Paper Title
IMPROVING LOCALIZATION ACCURACY OF AUTONOMOUS UNMANNED GROUND VEHICLES
Abstract
Abstract - Unmanned ground vehicles (UGV) have great potential in military and civilian applications and have become the focus of research in many countries. Upgrading the UGV to an autonomous vehicle additionally increases reliability and efficiency in various applications. One of the basic functions of the autonomous UGV is "Follow me", where the UGV follows a person or another vehicle (object). The basic sensor used to determine the position of the UGV in relation to the object is the ultra-wideband sensor (UWB). UWB wireless technology has many advantages, such as high precision and transmission rate. However, the main disadvantage of these sensors is the appearance of noise as a consequence of multi-sensor interference and noise in the sensor.
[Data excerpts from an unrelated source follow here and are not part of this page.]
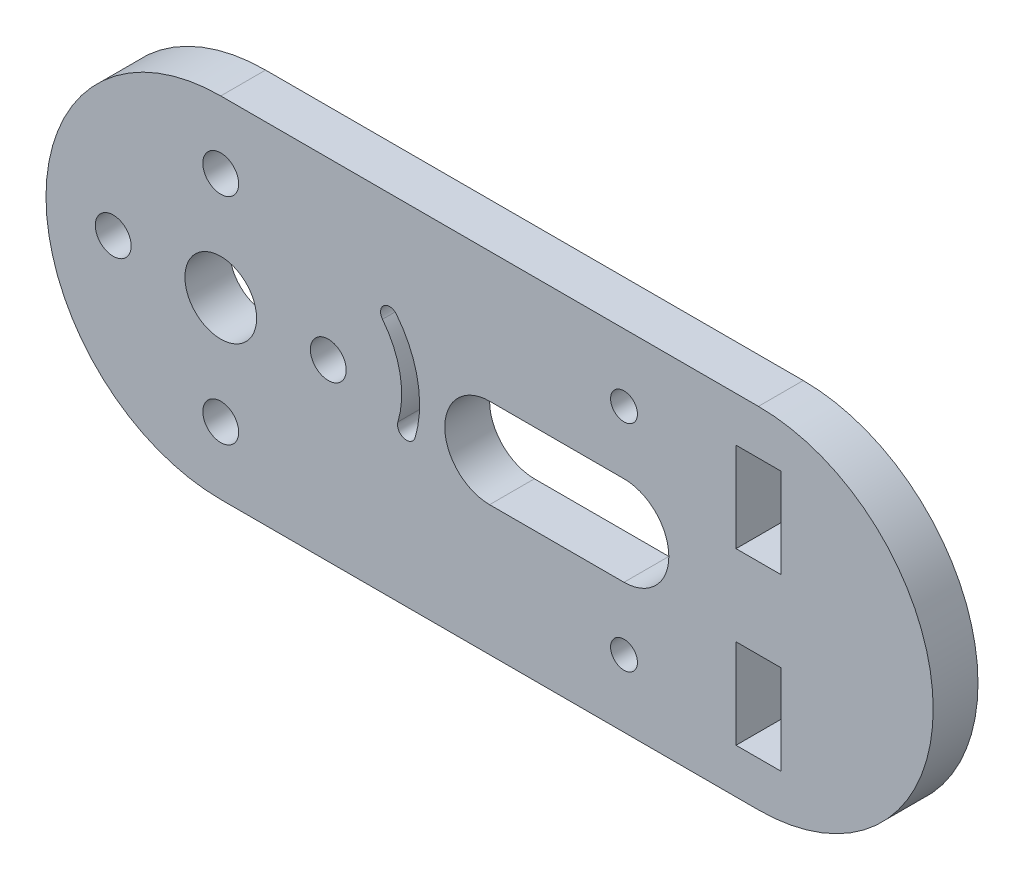
SolidWorks part; units mm, degrees
ref_plane "Front Plane" through (0, 0, 0) normal (0, 0, 1) x (1, 0, 0)
ref_plane "Top Plane" through (0, 0, 0) normal (0, 1, 0) x (1, 0, 0)
ref_plane "Right Plane" through (0, 0, 0) normal (1, 0, 0) x (0, 0, -1)
sketch "Sketch1" plane through (0, 0, 0) normal (0, 0, 1) x (1, 0, 0)
  line L0 (-30, 0) -> (30, 0) construction
  line L1 (15, -12) -> (15, 0) construction
  line L2 (-30, 19.5) -> (30, 19.5)
  line L3 (-30, -19.5) -> (30, -19.5)
  line L4 (15, 0) -> (0, 0) construction
  line L5 (-19.8084, 0.7599) -> (-11.9503, 6.9445) construction
  line L6 (15, -5) -> (0, -5)
  line L7 (15, 5) -> (0, 5)
  line L8 (-19.8084, 0.7599) -> (-10.2317, -2.1188) construction
  line L9 (30, 19.5) -> (30, 14.5) construction
  line L10 (30, -19.5) -> (30, -14.5) construction
  line L11 (27.5, 14.5) -> (32.5, 14.5)
  line L12 (32.5, 14.5) -> (32.5, 4.5)
  line L13 (32.5, 4.5) -> (27.5, 4.5)
  line L14 (27.5, 4.5) -> (27.5, 14.5)
  line L15 (27.5, -14.5) -> (32.5, -14.5)
  line L16 (32.5, -14.5) -> (32.5, -4.5)
  line L17 (32.5, -4.5) -> (27.5, -4.5)
  line L18 (27.5, -4.5) -> (27.5, -14.5)
  arc A0 (-30, 19.5) -> (-30, -19.5) centre (-30, 0) ccw
  arc A1 (30, -19.5) -> (30, 19.5) centre (30, 0) ccw
  circle A3 centre (-30, 12) radius 2
  circle A4 centre (-18, 0) radius 2
  circle A5 centre (-30, -12) radius 2
  circle A6 centre (-42, 0) radius 2
  circle A7 centre (-30, 0) radius 4
  circle A8 centre (15, 12) radius 1.5
  circle A9 centre (15, -12) radius 1.5
  arc A10 (15, -5) -> (15, 5) centre (15, 0) ccw
  arc A11 (0, 5) -> (0, -5) centre (0, 0) ccw
  arc A16 (-11.9503, 6.9445) -> (-10.3787, 8.1815) centre (-11.1645, 7.563) cw
  arc A17 (-10.2317, -2.1188) -> (-8.3164, -2.6946) centre (-9.2741, -2.4067) ccw
  arc A18 (-10.2317, -2.1188) -> (-11.9503, 6.9445) centre (-19.8084, 0.7599) ccw
  arc A19 (-8.3164, -2.6946) -> (-10.3787, 8.1815) centre (-19.8084, 0.7599) ccw
  point P5 (0, 0)
  point P26 (7.5, 0)
  point P35 (-19.8084, 0.7599)
  point P37 (-49.5, 0)
  point P45 (30, 14.5)
  point P50 (30, -14.5)
  dimension "D1" = 39
  dimension "D3" = 4
  dimension "D4" = 4
  dimension "D5" = 4
  dimension "D6" = 4
  dimension "D11" = 8
  dimension "D12" = 3
  dimension "D14" = 3
  dimension "D19" = 5
  dimension "D20" = 5
  dimension "D21" = 29.7013
  dimension "D22" = 1
  dimension "D23" = 1
  dimension "D2" = 60
  dimension "D7" = 12
  dimension "D8" = 12
  dimension "D9" = 12
  dimension "D10" = 12
  dimension "D13" = 45
  dimension "D15" = 45
  dimension "D16" = 12
  dimension "D17" = 10
  dimension "D18" = 15
  dimension "D24" = 10
  dimension "D25" = 5
  dimension "D26" = 5
  dimension "D27" = 10
extrude "Boss-Extrude1" add sketch "Sketch1" along normal blind 5
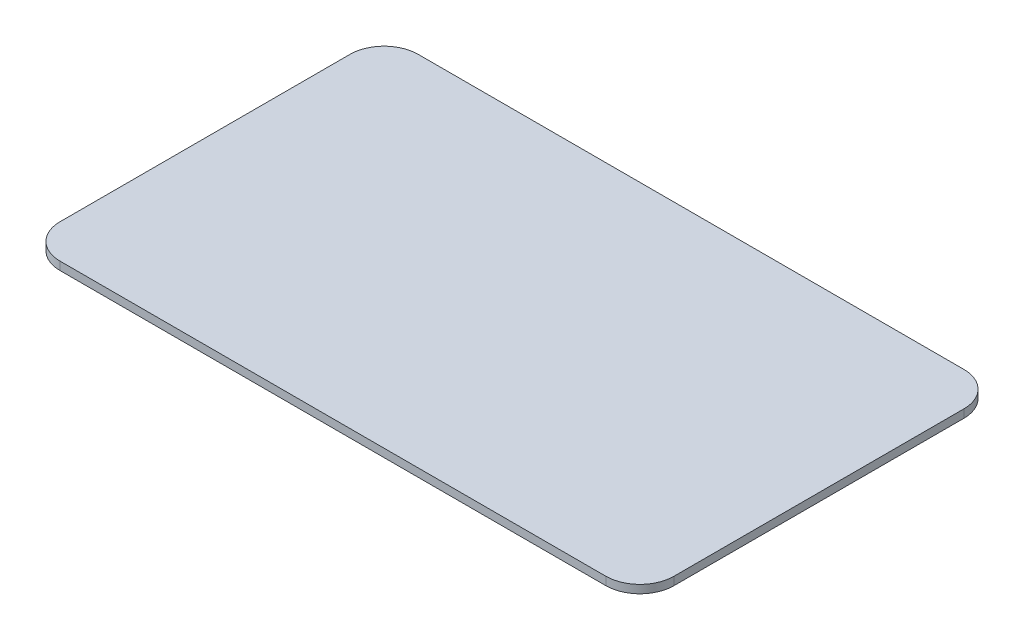
SolidWorks part; units mm, degrees
ref_plane "Front Plane" through (0, 0, 0) normal (0, 0, 1) x (1, 0, 0)
ref_plane "Top Plane" through (0, 0, 0) normal (0, 1, 0) x (1, 0, 0)
ref_plane "Right Plane" through (0, 0, 0) normal (1, 0, 0) x (0, 0, -1)
sketch "Sketch1" plane through (0, 0, 0) normal (0, 1, 0) x (1, 0, 0)
  line L1 (57.15, 33.3375) -> (-57.15, 33.3375)
  line L2 (57.15, 33.3375) -> (57.15, -33.3375)
  line L3 (57.15, -33.3375) -> (-57.15, -33.3375)
  line L4 (-57.15, 33.3375) -> (-57.15, -33.3375)
  line L5 (57.15, 33.3375) -> (-57.15, -33.3375) construction
  line L6 (57.15, -33.3375) -> (-57.15, 33.3375) construction
  point P0 (0, 0)
  dimension "D1" = 66.675
  dimension "D2" = 114.3
extrude "Boss-Extrude1" add sketch "Sketch1" along normal blind 1.524
fillet "Fillet1" radius 6.35 4 edges at (-57.15, 0.762, 33.3375) (57.15, 0.762, 33.3375) (57.15, 0.762, -33.3375) (-57.15, 0.762, -33.3375)

In this paper, the possibility of reducing noise in determining the distance and angle between the UGV and the tag located on the object is discussed. State of the art algorithms implemented in the MATLAB and Python software packages were used to reduce the impact of noise, taking into account the computational requirements and the implementation of algorithms in real systems. Algorithms were applied to real signals, with special attention to signals that represent the angle of the UGV and the object, which contain significantly more noise and whose reliability is very important for keeping UGV in the right direction. Also, the influence of obstacles, which can be found in real situations, on real signals was considered. The results obtained by applying the algorithms provide stability and possible application for the ‘’follow me’’ function of UGV in real conditions.